- **Work task**: From the listing, collect all lines containing the word "LinkedObject".
******************************
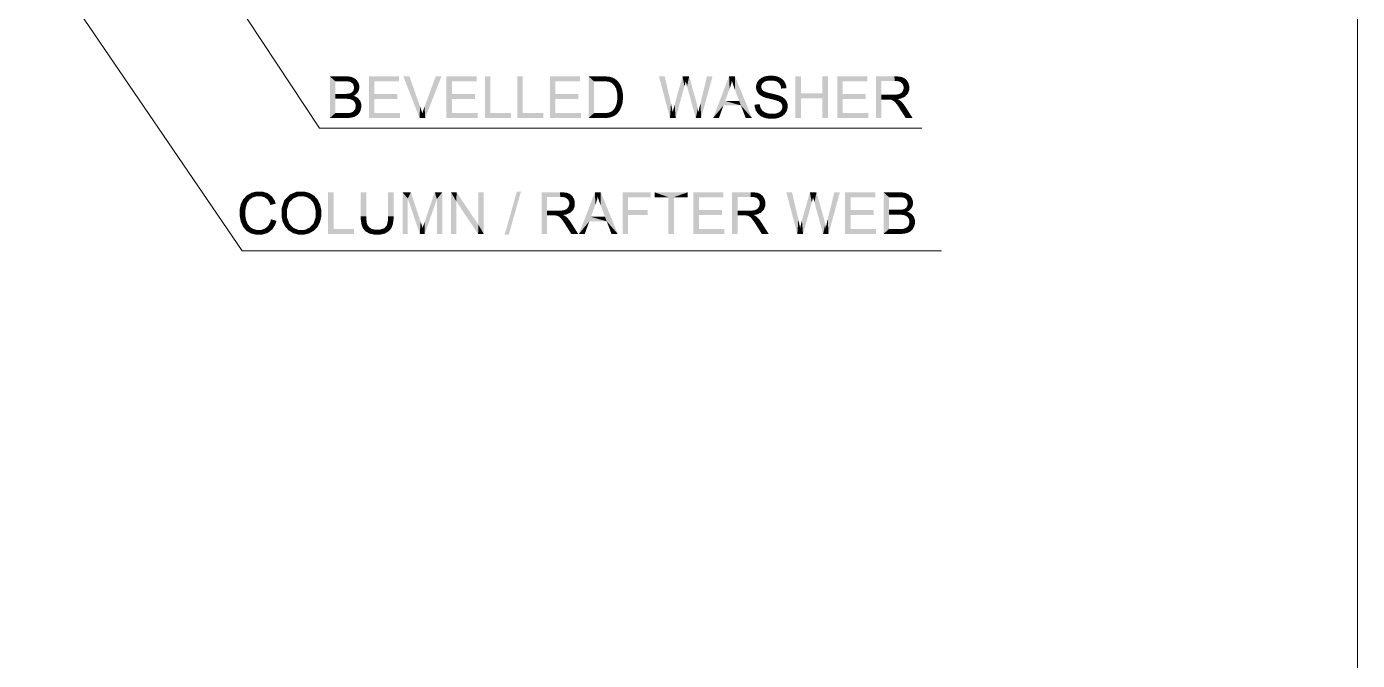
# Model space of a CAD drawing. Header units: millimetres. Extents: x 2 to 579, y 1 to 405.
# Drawn here: x 196.65 to 224.27, y 109.6 to 122.75 of the extents above; entities that cross this region are included whole.
import ezdxf

# ---------------------------------------------------------------- set-up
doc = ezdxf.new("R2010")
doc.units = ezdxf.units.MM
doc.linetypes.add('XKITLINE00', pattern=[0])
doc.layers.add('LinkedObject', color=7, linetype='Continuous', lineweight=0)

# ---------------------------------------------------------------- blocks, each defined once
blk = doc.blocks.new('*A4')
at = {"layer": 'LinkedObject'}
for points in [[(202.941, 121.718), (203.056, 121.253), (202.941, 120.854)], [(203.056, 121.355), (203.056, 121.253), (202.941, 121.718)], [(202.941, 121.718), (203.056, 121.616), (203.056, 121.355)], [(203.229, 121.616), (202.941, 121.718), (203.266, 121.718)], [(203.056, 121.616), (202.941, 121.718), (203.229, 121.616)], [(203.229, 121.616), (203.266, 121.718), (203.275, 121.616)], [(203.266, 121.718), (203.341, 121.61), (203.275, 121.616)], [(203.315, 121.718), (203.341, 121.61), (203.266, 121.718)], [(203.395, 121.705), (203.341, 121.61), (203.315, 121.718)], [(203.341, 121.61), (203.395, 121.705), (203.36, 121.604)], [(203.36, 121.604), (203.395, 121.705), (203.379, 121.598)], [(203.379, 121.598), (203.395, 121.705), (203.425, 121.691)], [(203.425, 121.691), (203.409, 121.575), (203.379, 121.598)], [(203.455, 121.678), (203.409, 121.575), (203.425, 121.691)], [(203.501, 121.638), (203.409, 121.575), (203.455, 121.678)], [(203.518, 121.611), (203.409, 121.575), (203.501, 121.638)], [(203.409, 121.575), (203.518, 121.611), (203.419, 121.559)], [(203.518, 121.611), (203.43, 121.542), (203.419, 121.559)], [(203.43, 121.542), (203.518, 121.611), (203.44, 121.505)], [(203.44, 121.505), (203.518, 121.611), (203.552, 121.497)], [(203.552, 121.526), (203.518, 121.611), (203.535, 121.583)], [(203.552, 121.497), (203.518, 121.611), (203.552, 121.526)], [(203.867, 121.351), (203.753, 120.854), (203.753, 121.718)], [(203.867, 121.351), (203.753, 121.718), (203.867, 121.616)], [(204.377, 121.616), (203.753, 121.718), (204.377, 121.718)], [(203.867, 121.616), (203.753, 121.718), (204.377, 121.616)], [(204.591, 121.718), (204.802, 120.854), (204.467, 121.718)], [(204.815, 121.09), (204.802, 120.854), (204.591, 121.718)], [(205.257, 121.718), (204.907, 121.09), (205.14, 121.718)], [(204.92, 120.854), (204.907, 121.09), (205.257, 121.718)], [(205.476, 121.351), (205.362, 120.854), (205.362, 121.718)], [(205.476, 121.351), (205.362, 121.718), (205.476, 121.616)], [(205.986, 121.616), (205.362, 121.718), (205.986, 121.718)], [(205.476, 121.616), (205.362, 121.718), (205.986, 121.616)], [(206.273, 121.718), (206.159, 120.854), (206.159, 121.718)], [(206.273, 120.956), (206.159, 120.854), (206.273, 121.718)], [(206.944, 121.718), (206.829, 120.854), (206.829, 121.718)], [(206.944, 120.956), (206.829, 120.854), (206.944, 121.718)], [(207.621, 121.351), (207.507, 120.854), (207.507, 121.718)], [(207.621, 121.351), (207.507, 121.718), (207.621, 121.616)], [(208.132, 121.616), (207.507, 121.718), (208.132, 121.718)], [(207.621, 121.616), (207.507, 121.718), (208.132, 121.616)], [(208.31, 121.718), (208.424, 121.616), (208.31, 120.854)], [(208.605, 121.616), (208.31, 121.718), (208.607, 121.718)], [(208.424, 121.616), (208.31, 121.718), (208.605, 121.616)], [(208.31, 120.854), (208.424, 121.616), (208.424, 120.956)], [(208.607, 121.718), (208.656, 121.616), (208.605, 121.616)], [(208.657, 121.718), (208.656, 121.616), (208.607, 121.718)], [(208.657, 121.718), (208.73, 121.607), (208.656, 121.616)], [(208.734, 121.711), (208.73, 121.607), (208.657, 121.718)], [(208.761, 121.705), (208.73, 121.607), (208.734, 121.711)], [(208.761, 121.705), (208.753, 121.598), (208.73, 121.607)], [(208.753, 121.598), (208.761, 121.705), (208.785, 121.586)], [(208.861, 121.666), (208.761, 121.705), (208.798, 121.697)], [(208.887, 121.643), (208.761, 121.705), (208.861, 121.666)], [(208.839, 121.537), (208.761, 121.705), (208.887, 121.643)], [(208.785, 121.586), (208.761, 121.705), (208.839, 121.537)], [(208.887, 121.643), (208.861, 121.5), (208.839, 121.537)], [(208.921, 121.614), (208.861, 121.5), (208.887, 121.643)], [(208.972, 121.541), (208.861, 121.5), (208.921, 121.614)], [(208.861, 121.5), (208.972, 121.541), (208.883, 121.464)], [(208.883, 121.464), (208.972, 121.541), (208.989, 121.496)], [(209.89, 121.718), (210, 120.854), (209.772, 121.718)], [(210.021, 121.151), (210, 120.854), (209.89, 121.718)], [(210.261, 121.718), (210.3, 121.512), (210.096, 121.134)], [(210.3, 121.512), (210.261, 121.718), (210.306, 121.533)], [(210.306, 121.533), (210.261, 121.718), (210.319, 121.583)], [(210.319, 121.583), (210.261, 121.718), (210.327, 121.613)], [(210.398, 121.718), (210.327, 121.613), (210.261, 121.718)], [(210.327, 121.613), (210.398, 121.718), (210.329, 121.604)], [(210.329, 121.604), (210.398, 121.718), (210.343, 121.553)], [(210.343, 121.553), (210.398, 121.718), (210.354, 121.512)], [(210.354, 121.512), (210.398, 121.718), (210.521, 121.28)], [(210.883, 121.718), (210.632, 121.162), (210.768, 121.718)], [(210.647, 120.854), (210.632, 121.162), (210.883, 121.718)], [(211.227, 121.718), (211.238, 121.462), (210.895, 120.854)], [(211.238, 121.462), (211.227, 121.718), (211.253, 121.503)], [(211.253, 121.503), (211.227, 121.718), (211.276, 121.585)], [(211.276, 121.585), (211.227, 121.718), (211.285, 121.627)], [(211.35, 121.718), (211.285, 121.627), (211.227, 121.718)], [(211.285, 121.627), (211.35, 121.718), (211.295, 121.592)], [(211.295, 121.592), (211.35, 121.718), (211.326, 121.502)], [(211.326, 121.502), (211.35, 121.718), (211.346, 121.447)], [(211.346, 121.447), (211.35, 121.718), (211.436, 121.209)], [(211.436, 121.209), (211.35, 121.718), (211.472, 121.115)], [(211.472, 121.115), (211.35, 121.718), (211.702, 120.854)], [(211.825, 121.616), (211.788, 121.494), (211.807, 121.588)], [(211.921, 121.574), (211.788, 121.494), (211.825, 121.616)], [(211.807, 121.588), (211.788, 121.494), (211.788, 121.527)], [(211.898, 121.528), (211.788, 121.494), (211.921, 121.574)], [(211.788, 121.494), (211.898, 121.528), (211.898, 121.502)], [(211.844, 121.645), (211.945, 121.593), (211.825, 121.616)], [(211.825, 121.616), (211.945, 121.593), (211.921, 121.574)], [(211.898, 121.688), (211.945, 121.593), (211.844, 121.645)], [(211.969, 121.612), (211.898, 121.688), (211.933, 121.703)], [(211.945, 121.593), (211.898, 121.688), (211.969, 121.612)], [(211.969, 121.718), (212.044, 121.631), (211.933, 121.703)], [(211.933, 121.703), (212.044, 121.631), (211.969, 121.612)], [(212.048, 121.732), (212.044, 121.631), (211.969, 121.718)], [(212.092, 121.732), (212.044, 121.631), (212.048, 121.732)], [(212.044, 121.631), (212.092, 121.732), (212.096, 121.631)], [(212.092, 121.732), (212.146, 121.631), (212.096, 121.631)], [(212.224, 121.717), (212.092, 121.732), (212.14, 121.732)], [(212.261, 121.701), (212.092, 121.732), (212.224, 121.717)], [(212.221, 121.61), (212.092, 121.732), (212.261, 121.701)], [(212.146, 121.631), (212.092, 121.732), (212.221, 121.61)], [(212.261, 121.701), (212.247, 121.589), (212.221, 121.61)], [(212.298, 121.686), (212.247, 121.589), (212.261, 121.701)], [(212.247, 121.589), (212.298, 121.686), (212.272, 121.568)], [(212.272, 121.568), (212.298, 121.686), (212.374, 121.61)], [(212.374, 121.61), (212.302, 121.506), (212.272, 121.568)], [(212.374, 121.61), (212.298, 121.686), (212.354, 121.64)], [(212.393, 121.58), (212.302, 121.506), (212.374, 121.61)], [(212.415, 121.512), (212.302, 121.506), (212.393, 121.58)], [(212.716, 121.363), (212.602, 120.854), (212.602, 121.718)], [(212.716, 121.363), (212.602, 121.718), (212.716, 121.718)], [(213.279, 121.718), (213.165, 121.363), (213.165, 121.718)], [(213.165, 121.261), (213.165, 121.363), (213.279, 121.718)], [(213.165, 121.261), (213.279, 121.718), (213.279, 120.854)], [(213.585, 121.351), (213.471, 120.854), (213.471, 121.718)], [(213.585, 121.351), (213.471, 121.718), (213.585, 121.616)], [(214.096, 121.616), (213.471, 121.718), (214.096, 121.718)], [(213.585, 121.616), (213.471, 121.718), (214.096, 121.616)], [(214.389, 121.337), (214.275, 120.854), (214.275, 121.718)], [(214.275, 121.718), (214.389, 121.623), (214.389, 121.337)], [(214.662, 121.623), (214.275, 121.718), (214.658, 121.718)], [(214.389, 121.623), (214.275, 121.718), (214.662, 121.623)], [(214.658, 121.718), (214.71, 121.623), (214.662, 121.623)], [(214.803, 121.706), (214.658, 121.718), (214.715, 121.718)], [(214.833, 121.694), (214.658, 121.718), (214.803, 121.706)], [(214.781, 121.603), (214.658, 121.718), (214.833, 121.694)], [(214.71, 121.623), (214.658, 121.718), (214.781, 121.603)], [(214.833, 121.694), (214.803, 121.583), (214.781, 121.603)], [(214.863, 121.683), (214.803, 121.583), (214.833, 121.694)], [(214.803, 121.583), (214.863, 121.683), (214.825, 121.563)], [(214.825, 121.563), (214.863, 121.683), (214.929, 121.612)], [(214.929, 121.612), (214.847, 121.513), (214.825, 121.563)], [(214.947, 121.583), (214.847, 121.513), (214.929, 121.612)], [(214.965, 121.518), (214.847, 121.513), (214.947, 121.583)], [(214.929, 121.612), (214.863, 121.683), (214.911, 121.642)], [(202.941, 120.854), (203.056, 121.253), (203.056, 120.956)], [(203.256, 121.253), (203.056, 121.355), (203.243, 121.355)], [(203.056, 121.253), (203.056, 121.355), (203.256, 121.253)], [(203.297, 121.253), (203.243, 121.355), (203.281, 121.355)], [(203.256, 121.253), (203.243, 121.355), (203.297, 121.253)], [(203.335, 121.36), (203.432, 121.313), (203.281, 121.355)], [(203.281, 121.355), (203.432, 121.313), (203.297, 121.253)], [(203.297, 121.253), (203.432, 121.313), (203.36, 121.246)], [(203.352, 121.365), (203.462, 121.328), (203.335, 121.36)], [(203.432, 121.313), (203.335, 121.36), (203.462, 121.328)], [(203.374, 121.371), (203.462, 121.328), (203.352, 121.365)], [(203.432, 121.313), (203.404, 121.231), (203.36, 121.246)], [(203.407, 121.393), (203.462, 121.328), (203.374, 121.371)], [(203.404, 121.231), (203.432, 121.313), (203.439, 121.206)], [(203.522, 121.392), (203.407, 121.393), (203.429, 121.423)], [(203.507, 121.368), (203.407, 121.393), (203.522, 121.392)], [(203.462, 121.328), (203.407, 121.393), (203.507, 121.368)], [(203.429, 121.423), (203.552, 121.497), (203.522, 121.392)], [(203.44, 121.46), (203.552, 121.497), (203.429, 121.423)], [(203.531, 121.263), (203.432, 121.313), (203.471, 121.302)], [(203.439, 121.206), (203.432, 121.313), (203.531, 121.263)], [(203.439, 121.206), (203.531, 121.263), (203.451, 121.188)], [(203.552, 121.497), (203.44, 121.483), (203.44, 121.505)], [(203.44, 121.483), (203.552, 121.497), (203.44, 121.46)], [(203.451, 121.188), (203.531, 121.263), (203.464, 121.17)], [(203.464, 121.17), (203.531, 121.263), (203.552, 121.235)], [(203.522, 121.392), (203.552, 121.497), (203.537, 121.417)], [(203.537, 121.417), (203.552, 121.497), (203.552, 121.469)], [(203.867, 121.249), (203.753, 120.854), (203.867, 121.351)], [(203.867, 120.956), (203.753, 120.854), (203.867, 121.249)], [(204.345, 121.249), (203.867, 121.351), (204.345, 121.351)], [(203.867, 121.249), (203.867, 121.351), (204.345, 121.249)], [(205.476, 121.249), (205.362, 120.854), (205.476, 121.351)], [(205.476, 120.956), (205.362, 120.854), (205.476, 121.249)], [(205.954, 121.249), (205.476, 121.351), (205.954, 121.351)], [(205.476, 121.249), (205.476, 121.351), (205.954, 121.249)], [(207.621, 121.249), (207.507, 120.854), (207.621, 121.351)], [(207.621, 120.956), (207.507, 120.854), (207.621, 121.249)], [(208.1, 121.249), (207.621, 121.351), (208.1, 121.351)], [(207.621, 121.249), (207.621, 121.351), (208.1, 121.249)], [(208.989, 121.496), (208.906, 121.36), (208.883, 121.464)], [(208.906, 121.243), (209.023, 121.241), (208.894, 121.16)], [(209.006, 121.451), (208.906, 121.36), (208.989, 121.496)], [(209.023, 121.348), (208.906, 121.36), (209.006, 121.451)], [(209.023, 121.29), (208.906, 121.36), (209.023, 121.348)], [(208.906, 121.36), (209.023, 121.29), (208.906, 121.292)], [(209.023, 121.29), (208.906, 121.243), (208.906, 121.292)], [(209.023, 121.241), (208.906, 121.243), (209.023, 121.29)], [(210.096, 121.134), (210.3, 121.512), (210.118, 120.854)], [(210.521, 121.28), (210.535, 120.854), (210.354, 121.512)], [(210.545, 121.199), (210.535, 120.854), (210.521, 121.28)], [(210.895, 120.854), (211.238, 121.462), (211.143, 121.209)], [(211.898, 121.478), (211.788, 121.494), (211.898, 121.502)], [(211.788, 121.494), (211.898, 121.478), (211.788, 121.464)], [(211.788, 121.464), (211.898, 121.478), (211.803, 121.41)], [(211.803, 121.41), (211.898, 121.478), (211.818, 121.386)], [(211.818, 121.386), (211.898, 121.478), (211.915, 121.44)], [(211.915, 121.44), (211.879, 121.322), (211.818, 121.386)], [(211.818, 121.386), (211.879, 121.322), (211.833, 121.362)], [(211.931, 121.425), (211.879, 121.322), (211.915, 121.44)], [(211.879, 121.322), (211.931, 121.425), (211.91, 121.306)], [(211.91, 121.306), (211.931, 121.425), (211.948, 121.41)], [(211.91, 121.306), (211.948, 121.41), (211.934, 121.293)], [(211.934, 121.293), (211.948, 121.41), (212.017, 121.266)], [(212.017, 121.266), (211.948, 121.41), (212.034, 121.379)], [(212.017, 121.266), (212.034, 121.379), (212.077, 121.252)], [(212.077, 121.252), (212.034, 121.379), (212.104, 121.363)], [(212.077, 121.252), (212.104, 121.363), (212.136, 121.238)], [(212.136, 121.238), (212.104, 121.363), (212.173, 121.348)], [(212.136, 121.238), (212.173, 121.348), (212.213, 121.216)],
******************************
- **Task solution**:
doc.layers.add('LinkedObject', color=7, linetype='Continuous', lineweight=0)
at = {"layer": 'LinkedObject'}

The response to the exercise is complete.